Leave out the pictures and retype exactly the lines from the one with "Blob Analysis/2 ->" through the end of the records.

INPUT DATA:
━━━━━━━━
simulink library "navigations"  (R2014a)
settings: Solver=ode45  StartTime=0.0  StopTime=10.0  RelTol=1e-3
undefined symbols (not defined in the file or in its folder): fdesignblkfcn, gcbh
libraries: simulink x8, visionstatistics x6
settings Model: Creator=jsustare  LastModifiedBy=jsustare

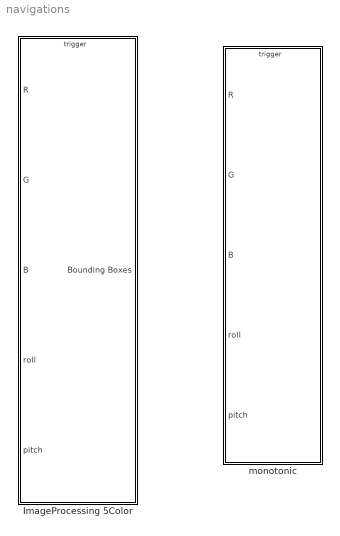
== system navigations ==
  ImageProcessing 5Color : Subsystem  TreatAsAtomicUnit=on  mask{blueThreshold=15, redThreshold=50, greenThreshold=50, yellowThreshold=160, purpleThreshold=160}
  monotonic : Subsystem  mask{whiteThreshold=0}
      mask prompts: whiteThreshold "whyite"

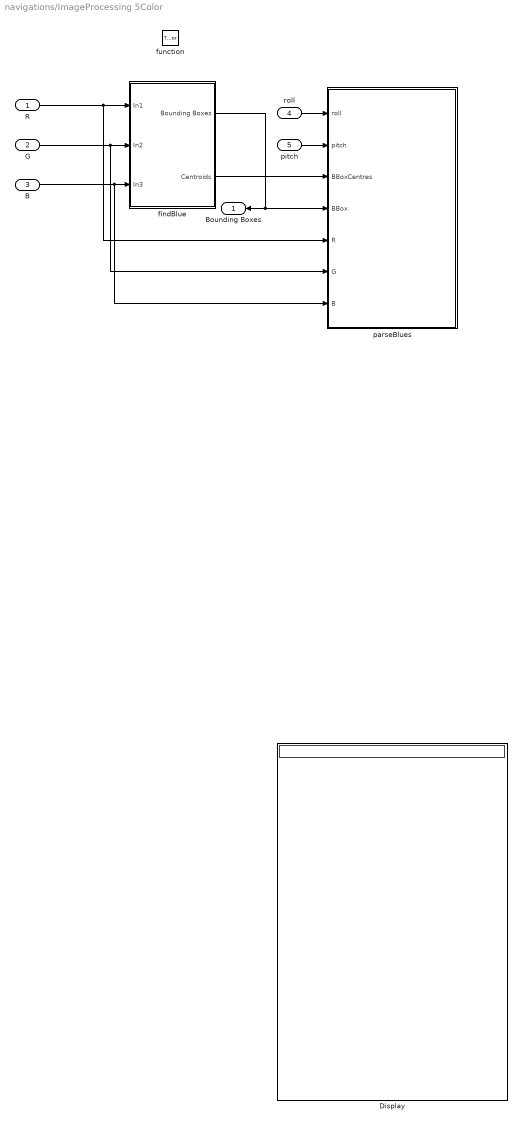
== system navigations/ImageProcessing 5Color ==
  R : Inport
  G : Inport  Port=2
  B : Inport  Port=3
  roll : Inport  Port=4
  pitch : Inport  Port=5
  function : TriggerPort  TriggerType=function-call
  Display : Display
  findBlue : Subsystem
  parseBlues : Subsystem  TreatAsAtomicUnit=on
  "Bounding Boxes " : Outport
  wires:
  pitch/1 -> parseBlues/2(pitch)
  roll/1 -> parseBlues/1(roll)
  findBlue/2(Centroids) -> parseBlues/3(BBoxCentres)
  findBlue/1(Bounding Boxes) -> "Bounding Boxes "/1, parseBlues/4(BBox)
  B/1 -> findBlue/3(In3), parseBlues/7(B)
  R/1 -> findBlue/1(In1), parseBlues/5(R)
  G/1 -> findBlue/2(In2), parseBlues/6(G)

== system navigations/monotonic ==
  note: use the writePos to store final positions per
      | landmark. keep inmind that this is suppose to
      |  beinside a loop and then the -1 scenarious would
      |  leand to -1000 cases
  R : Inport
  G : Inport  Port=2
  B : Inport  Port=3
  roll : Inport  Port=4
  pitch : Inport  Port=5
  function : TriggerPort  TriggerType=function-call
  MATLAB Function2 : MATLAB Function  TreatAsAtomicUnit=on
  detectLandMarks : Subsystem
  getPosition : Subsystem
  wires:
  R/1 -> detectLandMarks/1(R)
  B/1 -> detectLandMarks/3(B)
  G/1 -> detectLandMarks/2(G)

== system navigations/ImageProcessing 5Color/findBlue ==
  In1 : Inport
  In2 : Inport  Port=2
  In3 : Inport  Port=3
  Blob Analysis : visionstatistics/Blob Analysis  Tag=vipblks_row_conv  area=on  centroid=on  bBox=on  majorAxis=off  minorAxis=off  angle=off  eccentricity=off  equivDiameterSq=off  extent=off  perimeter=off  maxBlobs=16  warnIfNumBlobsExceeded=on  isCount=off  useMinArea=on  minArea=300  useMaxArea=off  maxArea=intmax('uint32')  excludeBorderBlob=on  outDT=double  isOutVarDim=off  isFill=on  fillValues=-1  conn=8  isLabel=off  outputMode=Binary point scaling  outputWordLength=32  outputFracLength=16  firstCoeffMode=Binary point scaling  firstCoeffWordLength=16  firstCoeffFracLength=14  secondCoeffMode=Binary point scaling  secondCoeffWordLength=32  secondCoeffFracLength=16  accumMode=Binary point scaling  accumWordLength=32  accumFracLength=0  prodOutputMode=Binary point scaling  prodOutputWordLength=32  prodOutputFracLength=16  roundingMode=Floor  overflowMode=off
  Compare To Constant : simulink/Logic and Bit Operations/Compare To Constant  relop=>  const=blueThreshold  OutDataTypeStr=boolean
  MATLAB Function : MATLAB Function  TreatAsAtomicUnit=on
  MATLAB Function1 : MATLAB Function  TreatAsAtomicUnit=on
  Bounding Boxes : Outport
  Centroids : Outport  Port=2
  wires:
  In3/1 -> MATLAB Function1/3(B)
  In2/1 -> MATLAB Function1/2(G)
  In1/1 -> MATLAB Function1/1(R)
  MATLAB Function1/1(blueIntensity) -> Compare To Constant/1
  Blob Analysis/2 -> MATLAB Function/2(centroid)
  MATLAB Function/1(centroid_largest) -> Centroids/1
  MATLAB Function/2(bbox_largest) -> Bounding Boxes/1
  Blob Analysis/1 -> MATLAB Function/1(area)
  Blob Analysis/3 -> MATLAB Function/3(bbox)
  Compare To Constant/1 -> Blob Analysis/1

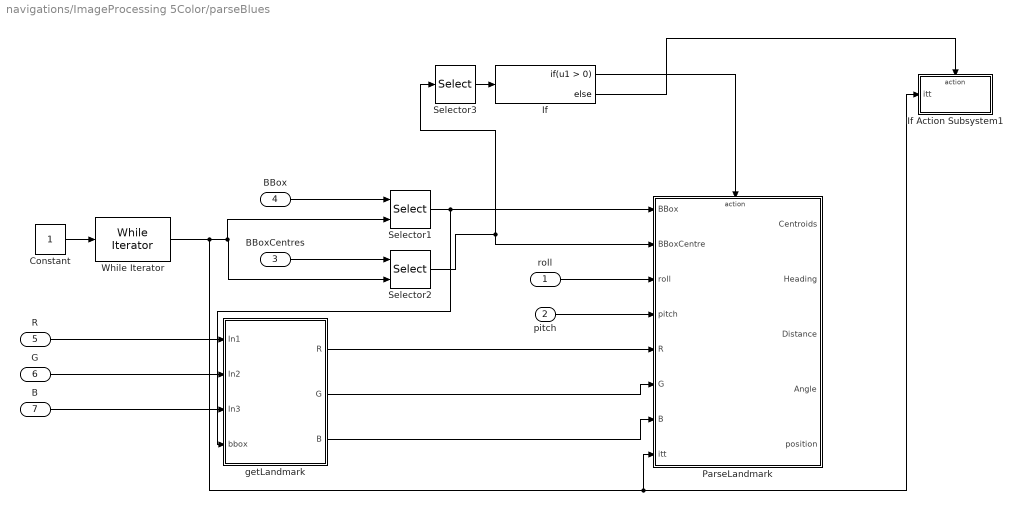
== system navigations/ImageProcessing 5Color/parseBlues ==
  roll : Inport
  pitch : Inport  Port=2
  BBoxCentres : Inport  Port=3
  BBox : Inport  Port=4
  R : Inport  Port=5
  G : Inport  Port=6
  B : Inport  Port=7
  Constant : Constant
  If : If
  If Action Subsystem1 : Subsystem  TreatAsAtomicUnit=on
  ParseLandmark : Subsystem  TreatAsAtomicUnit=on
  Selector1 : Selector  NumberOfDimensions=2  InputPortWidth=3  IndexOptions=Index vector (port),Select all  Indices=[1 3],1  OutputSizes=1,1
  Selector2 : Selector  NumberOfDimensions=2  InputPortWidth=3  IndexOptions=Index vector (port),Select all  Indices=[1 3],1  OutputSizes=1,1
  Selector3 : Selector  InputPortWidth=2
  While Iterator : WhileIterator  MaxIters=4  WhileBlockType=do-while  ShowIterationPort=on
  getLandmark : Subsystem
  wires:
  Selector3/1 -> If/1
  If/2 -> If Action Subsystem1/Action
  If/1 -> ParseLandmark/Action
  getLandmark/3(B) -> ParseLandmark/7(B)
  getLandmark/2(G) -> ParseLandmark/6(G)
  getLandmark/1(R) -> ParseLandmark/5(R)
  Constant/1 -> While Iterator/1
  B/1 -> getLandmark/3(In3)
  G/1 -> getLandmark/2(In2)
  R/1 -> getLandmark/1(In1)
  Selector2/1 -> ParseLandmark/2(BBoxCentre), Selector3/1
  Selector1/1 -> getLandmark/4(bbox), ParseLandmark/1(BBox)
  BBoxCentres/1 -> Selector2/1
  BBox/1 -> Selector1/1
━━━━━━━━
SOLUTION FOR THIS EXERCISE:
  Blob Analysis/2 -> MATLAB Function/2(centroid)
  MATLAB Function/1(centroid_largest) -> Centroids/1
  MATLAB Function/2(bbox_largest) -> Bounding Boxes/1
  Blob Analysis/1 -> MATLAB Function/1(area)
  Blob Analysis/3 -> MATLAB Function/3(bbox)
  Compare To Constant/1 -> Blob Analysis/1

== system navigations/ImageProcessing 5Color/parseBlues ==
  roll : Inport
  pitch : Inport  Port=2
  BBoxCentres : Inport  Port=3
  BBox : Inport  Port=4
  R : Inport  Port=5
  G : Inport  Port=6
  B : Inport  Port=7
  Constant : Constant
  If : If
  If Action Subsystem1 : Subsystem  TreatAsAtomicUnit=on
  ParseLandmark : Subsystem  TreatAsAtomicUnit=on
  Selector1 : Selector  NumberOfDimensions=2  InputPortWidth=3  IndexOptions=Index vector (port),Select all  Indices=[1 3],1  OutputSizes=1,1
  Selector2 : Selector  NumberOfDimensions=2  InputPortWidth=3  IndexOptions=Index vector (port),Select all  Indices=[1 3],1  OutputSizes=1,1
  Selector3 : Selector  InputPortWidth=2
  While Iterator : WhileIterator  MaxIters=4  WhileBlockType=do-while  ShowIterationPort=on
  getLandmark : Subsystem
  wires:
  Selector3/1 -> If/1
  If/2 -> If Action Subsystem1/Action
  If/1 -> ParseLandmark/Action
  getLandmark/3(B) -> ParseLandmark/7(B)
  getLandmark/2(G) -> ParseLandmark/6(G)
  getLandmark/1(R) -> ParseLandmark/5(R)
  Constant/1 -> While Iterator/1
  B/1 -> getLandmark/3(In3)
  G/1 -> getLandmark/2(In2)
  R/1 -> getLandmark/1(In1)
  Selector2/1 -> ParseLandmark/2(BBoxCentre), Selector3/1
  Selector1/1 -> getLandmark/4(bbox), ParseLandmark/1(BBox)
  BBoxCentres/1 -> Selector2/1
  BBox/1 -> Selector1/1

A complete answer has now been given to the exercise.